Честно сказать, я всегда боюсь оказаться в положении собачек Павлова, когда мы что-то делаем, эффект происходит, но непонятно, откуда он пришел. Точно ли здесь присутствуют материальные механизмы взаимодействия или есть какая-то психотерапия, которая, возможно, граничит с каким-то духовным и религиозным взаимодействием (вполне вероятно, не христианским)? Что за «черный ящик» там спрятан? Именно наличие этого «черного ящика» гомеопатии не позволяет сказать, что здесь все ясно и безопасно. Тем более сегодня видно, насколько легко гомеопатия интерпретируется в рамках модного оккультного жаргона, включающего все те же «энерго-информационные носители», «мыслеформы» и т. д. Да и сами гомеопаты слишком часто прибегают к оккультному истолкованию своих методов…

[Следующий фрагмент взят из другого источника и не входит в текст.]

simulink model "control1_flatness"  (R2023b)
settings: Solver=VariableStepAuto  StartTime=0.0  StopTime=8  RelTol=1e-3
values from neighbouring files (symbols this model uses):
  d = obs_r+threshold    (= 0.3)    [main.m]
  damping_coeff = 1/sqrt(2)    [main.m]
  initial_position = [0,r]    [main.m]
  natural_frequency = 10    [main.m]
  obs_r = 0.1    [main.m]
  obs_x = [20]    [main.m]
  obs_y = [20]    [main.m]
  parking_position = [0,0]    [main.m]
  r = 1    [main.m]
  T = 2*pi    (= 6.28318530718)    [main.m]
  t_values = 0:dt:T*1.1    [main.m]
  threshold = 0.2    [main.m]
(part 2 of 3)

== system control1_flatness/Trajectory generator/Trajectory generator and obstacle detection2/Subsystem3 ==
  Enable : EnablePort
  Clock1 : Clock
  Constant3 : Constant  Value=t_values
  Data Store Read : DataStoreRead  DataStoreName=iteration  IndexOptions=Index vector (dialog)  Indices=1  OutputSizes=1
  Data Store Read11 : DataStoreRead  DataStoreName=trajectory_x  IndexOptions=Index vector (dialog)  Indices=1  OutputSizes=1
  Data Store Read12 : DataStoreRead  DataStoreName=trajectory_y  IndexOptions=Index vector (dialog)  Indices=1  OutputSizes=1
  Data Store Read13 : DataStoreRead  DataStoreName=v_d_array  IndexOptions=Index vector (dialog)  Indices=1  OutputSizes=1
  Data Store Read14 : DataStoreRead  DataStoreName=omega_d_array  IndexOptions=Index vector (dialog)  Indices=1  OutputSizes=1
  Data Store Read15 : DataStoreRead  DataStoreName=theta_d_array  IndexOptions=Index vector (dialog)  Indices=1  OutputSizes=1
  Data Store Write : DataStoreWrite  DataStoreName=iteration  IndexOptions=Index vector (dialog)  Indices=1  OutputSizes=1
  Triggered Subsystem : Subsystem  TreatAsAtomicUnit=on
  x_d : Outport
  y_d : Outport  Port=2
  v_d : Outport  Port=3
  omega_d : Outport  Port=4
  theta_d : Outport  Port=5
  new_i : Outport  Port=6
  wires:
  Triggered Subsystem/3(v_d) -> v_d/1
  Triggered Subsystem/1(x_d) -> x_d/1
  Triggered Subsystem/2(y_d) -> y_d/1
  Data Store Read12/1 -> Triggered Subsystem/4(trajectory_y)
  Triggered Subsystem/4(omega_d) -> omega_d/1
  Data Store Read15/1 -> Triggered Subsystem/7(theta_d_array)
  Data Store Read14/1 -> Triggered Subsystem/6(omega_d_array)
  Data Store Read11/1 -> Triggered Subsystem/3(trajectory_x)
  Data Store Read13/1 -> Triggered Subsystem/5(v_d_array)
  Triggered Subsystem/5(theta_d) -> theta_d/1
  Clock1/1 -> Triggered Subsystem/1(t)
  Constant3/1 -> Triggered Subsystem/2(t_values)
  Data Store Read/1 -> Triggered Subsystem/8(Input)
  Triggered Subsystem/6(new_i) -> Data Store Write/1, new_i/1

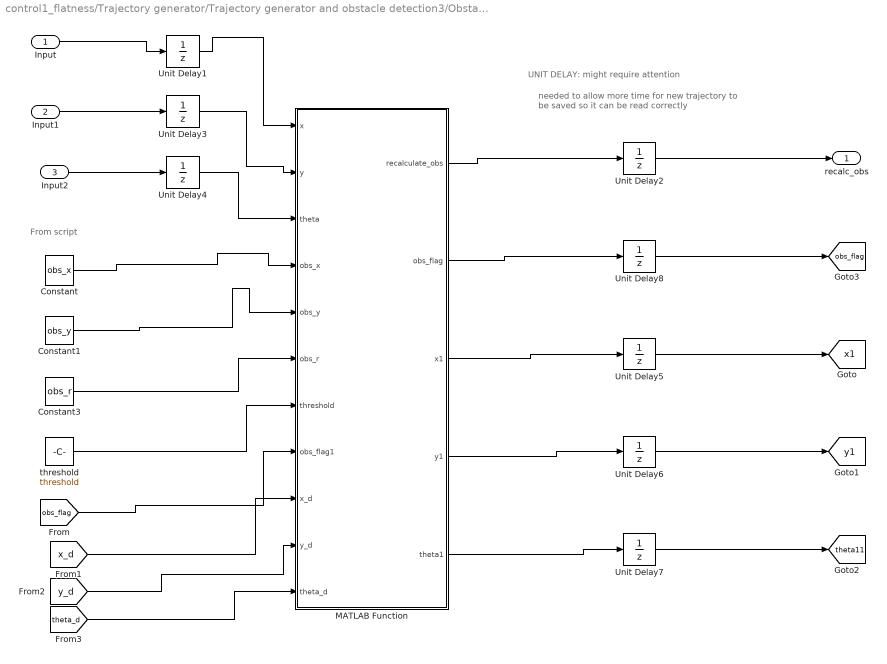
== system control1_flatness/Trajectory generator/Trajectory generator and obstacle detection3/Obstacle Detection ==
  note: UNIT DELAY: might require attention
  note: needed to allow more time for new trajectory to be saved
      | so it can be read correctly
  note: From script
  Input : Inport
  Input1 : Inport  Port=2
  Input2 : Inport  Port=3
  Constant : Constant  Value=obs_x
  Constant1 : Constant  Value=obs_y
  Constant3 : Constant  Value=obs_r
  MATLAB Function : MATLAB Function  TreatAsAtomicUnit=on
  Unit Delay{1..8} (8 alike) : UnitDelay  SampleTime=0.001  HasFrameUpgradeWarning=on
  threshold : Constant  Value=threshold
  recalc_obs : Outport
  tag scope: obs_flag=global, theta11=global, x1=global, y1=global
  wires:
  Constant/1 -> MATLAB Function/4(obs_x)
  Constant1/1 -> MATLAB Function/5(obs_y)
  Constant3/1 -> MATLAB Function/6(obs_r)
  threshold/1 -> MATLAB Function/7(threshold)
  [obs_flag] -> MATLAB Function/8(obs_flag1)
  MATLAB Function/2(obs_flag) -> Unit Delay8/1
  MATLAB Function/1(recalculate_obs) -> Unit Delay2/1
  Input/1 -> Unit Delay1/1
  Input1/1 -> Unit Delay3/1
  Unit Delay2/1 -> recalc_obs/1
  Unit Delay1/1 -> MATLAB Function/1(x)
  Unit Delay3/1 -> MATLAB Function/2(y)
  Input2/1 -> Unit Delay4/1
  Unit Delay4/1 -> MATLAB Function/3(theta)
  MATLAB Function/3(x1) -> Unit Delay5/1
  Unit Delay5/1 -> [x1]
  MATLAB Function/4(y1) -> Unit Delay6/1
  Unit Delay6/1 -> [y1]
  MATLAB Function/5(theta1) -> Unit Delay7/1
  Unit Delay7/1 -> [theta11]
  Unit Delay8/1 -> [obs_flag]
  [x_d] -> MATLAB Function/9(x_d)
  [y_d] -> MATLAB Function/10(y_d)
  [theta_d] -> MATLAB Function/11(theta_d)

== system control1_flatness/Trajectory generator/Trajectory generator and obstacle detection3/Subsystem1 ==
  recalc_obs : Inport
  theta : Inport  Port=2
  r : Inport  Port=3
  t_values : Inport  Port=4
  T : Inport  Port=5
  d : Inport  Port=6
  blending : Inport  Port=7
  old_traj_x : Inport  Port=8
  old_traj_y : Inport  Port=9
  xd : Inport  Port=10
  yd : Inport  Port=11
  Enable : EnablePort
  Whole trajectory calculation + flatness : MATLAB Function  TreatAsAtomicUnit=on
  recalculate : Outport
  recalculate_obs : Outport  Port=2
  trajectory_x : Outport  Port=3
  trajectory_y : Outport  Port=4
  v_d_array : Outport  Port=5
  omega_d_array : Outport  Port=6
  theta_d_array : Outport  Port=7
  wires:
  r/1 -> Whole trajectory calculation + flatness/1(r)
  Whole trajectory calculation + flatness/6(recalculate) -> recalculate/1
  t_values/1 -> Whole trajectory calculation + flatness/2(t_values)
  recalc_obs/1 -> Whole trajectory calculation + flatness/4(recalculate_obs)
  theta/1 -> Whole trajectory calculation + flatness/7(theta11)
  d/1 -> Whole trajectory calculation + flatness/5(d)
  Whole trajectory calculation + flatness/1(trajectory_x) -> trajectory_x/1
  Whole trajectory calculation + flatness/2(trajectory_y) -> trajectory_y/1
  Whole trajectory calculation + flatness/3(v_d_array) -> v_d_array/1
  Whole trajectory calculation + flatness/4(omega_d_array) -> omega_d_array/1
  Whole trajectory calculation + flatness/5(theta_d_array) -> theta_d_array/1
  T/1 -> Whole trajectory calculation + flatness/3(T)
  Whole trajectory calculation + flatness/7(recalculate_obs1) -> recalculate_obs/1
  blending/1 -> Whole trajectory calculation + flatness/6(blending)
  old_traj_x/1 -> Whole trajectory calculation + flatness/10(old_trajectory_x)
  old_traj_y/1 -> Whole trajectory calculation + flatness/11(old_trajectory_y)
  xd/1 -> Whole trajectory calculation + flatness/8(xd)
  yd/1 -> Whole trajectory calculation + flatness/9(yd)

== system control1_flatness/Trajectory generator/Trajectory generator and obstacle detection3/Subsystem3 ==
  Enable : EnablePort
  Clock1 : Clock
  Constant3 : Constant  Value=t_values
  Data Store Read : DataStoreRead  DataStoreName=iteration  IndexOptions=Index vector (dialog)  Indices=1  OutputSizes=1
  Data Store Read11 : DataStoreRead  DataStoreName=trajectory_x  IndexOptions=Index vector (dialog)  Indices=1  OutputSizes=1
  Data Store Read12 : DataStoreRead  DataStoreName=trajectory_y  IndexOptions=Index vector (dialog)  Indices=1  OutputSizes=1
  Data Store Read13 : DataStoreRead  DataStoreName=v_d_array  IndexOptions=Index vector (dialog)  Indices=1  OutputSizes=1
  Data Store Read14 : DataStoreRead  DataStoreName=omega_d_array  IndexOptions=Index vector (dialog)  Indices=1  OutputSizes=1
  Data Store Read15 : DataStoreRead  DataStoreName=theta_d_array  IndexOptions=Index vector (dialog)  Indices=1  OutputSizes=1
  Data Store Write : DataStoreWrite  DataStoreName=iteration  IndexOptions=Index vector (dialog)  Indices=1  OutputSizes=1
  Triggered Subsystem : Subsystem  TreatAsAtomicUnit=on
  x_d : Outport
  y_d : Outport  Port=2
  v_d : Outport  Port=3
  omega_d : Outport  Port=4
  theta_d : Outport  Port=5
  new_i : Outport  Port=6
  wires:
  Triggered Subsystem/3(v_d) -> v_d/1
  Triggered Subsystem/1(x_d) -> x_d/1
  Triggered Subsystem/2(y_d) -> y_d/1
  Data Store Read12/1 -> Triggered Subsystem/4(trajectory_y)
  Triggered Subsystem/4(omega_d) -> omega_d/1
  Data Store Read15/1 -> Triggered Subsystem/7(theta_d_array)
  Data Store Read14/1 -> Triggered Subsystem/6(omega_d_array)
  Data Store Read11/1 -> Triggered Subsystem/3(trajectory_x)
  Data Store Read13/1 -> Triggered Subsystem/5(v_d_array)
  Triggered Subsystem/5(theta_d) -> theta_d/1
  Clock1/1 -> Triggered Subsystem/1(t)
  Constant3/1 -> Triggered Subsystem/2(t_values)
  Data Store Read/1 -> Triggered Subsystem/8(Input)
  Triggered Subsystem/6(new_i) -> Data Store Write/1, new_i/1

== system control1_flatness/Trajectory generator/Trajectory generator and obstacle detection/Subsystem3/Triggered Subsystem ==
  t : Inport
  t_values : Inport  Port=2
  trajectory_x : Inport  Port=3
  trajectory_y : Inport  Port=4
  v_d_array : Inport  Port=5
  omega_d_array : Inport  Port=6
  theta_d_array : Inport  Port=7
  Input : Inport  Port=8
  MATLAB Function1 : MATLAB Function  TreatAsAtomicUnit=on
  x_d : Outport
  y_d : Outport  Port=2
  v_d : Outport  Port=3
  omega_d : Outport  Port=4
  theta_d : Outport  Port=5
  new_i : Outport  Port=6
  wires:
  trajectory_x/1 -> MATLAB Function1/3(trajectory_x)
  trajectory_y/1 -> MATLAB Function1/4(trajectory_y)
  MATLAB Function1/1(x_d) -> x_d/1
  MATLAB Function1/2(y_d) -> y_d/1
  t/1 -> MATLAB Function1/1(t)
  t_values/1 -> MATLAB Function1/2(t_values)
  v_d_array/1 -> MATLAB Function1/5(v_d_array)
  omega_d_array/1 -> MATLAB Function1/6(omega_d_array)
  theta_d_array/1 -> MATLAB Function1/7(theta_d_array)
  MATLAB Function1/3(v_d) -> v_d/1
  MATLAB Function1/4(omega_d) -> omega_d/1
  MATLAB Function1/5(theta_d) -> theta_d/1
  Input/1 -> MATLAB Function1/8(i)
  MATLAB Function1/6(new_i) -> new_i/1

== system control1_flatness/Trajectory generator/Trajectory generator and obstacle detection1/Subsystem3/Triggered Subsystem ==
  t : Inport
  t_values : Inport  Port=2
  trajectory_x : Inport  Port=3
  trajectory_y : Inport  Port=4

Ситуацию с иглорефлексотерапия я бы уподобил городу, захваченному варварами. Представьте, что какой-нибудь город захватили совершеннейшие варвары, не знающие, что такое электрический свет. А в этом городе работает автономная атомная станция, которая сто лет проработает без контроля. Свет кое-где есть, не все провода оборваны. И вот эти варвары со временем замечают, что если нажать вон ту кнопочку, то вот здесь зажигается лампочка. Они четко понимают, что какая-то связь здесь есть, но они не знают, как связана кнопка и лампочка. И тогда они разрабатывают свою мифологию: дух этой двери влияет на дух Солнца и если плюнув через левое плечо и на правой ноге проскакав комнату по диагонали поднести к окну связку жертвенных бананов, вот тогда можно нажать вот эту кнопочку — и бог Солнца пошлет свою частичку вот в тот светильник под потолком. В основе мифа могут лежать вполне реальные наблюдения, на которые наслоились объясняющие потуги мифологии. Мне кажется, с иглотерапией похожая вещь. Со временем, наверно, возникнут вполне материалистические объяснения связей между внешними покровами и внутренними органами (в конце концов они развились из одной и той же изначальной клеточки эмбриона). Поэтому если врач использует иглотерапию без использования китайской философии, я думаю, что он не согрешает.
Относительно гипноза — опять все зависит от того кто и с какой целью его использует. Одно дело чисто медицинский гипноз, когда задача избавить человека от какого-то навязчивого воспоминания о некоей травме… Но в целом у Церкви негативное отношение к любым ситуациям, когда ты входишь в состояние, которое ты сам не контролируешь. Надо быть чрезвычайно разборчивым, и уж тем более когда тебя пробуют гипнотизировать люди типа Алана Чумака или Кашпировского, то уж здесь ни в коем случае открываться перед ними нельзя.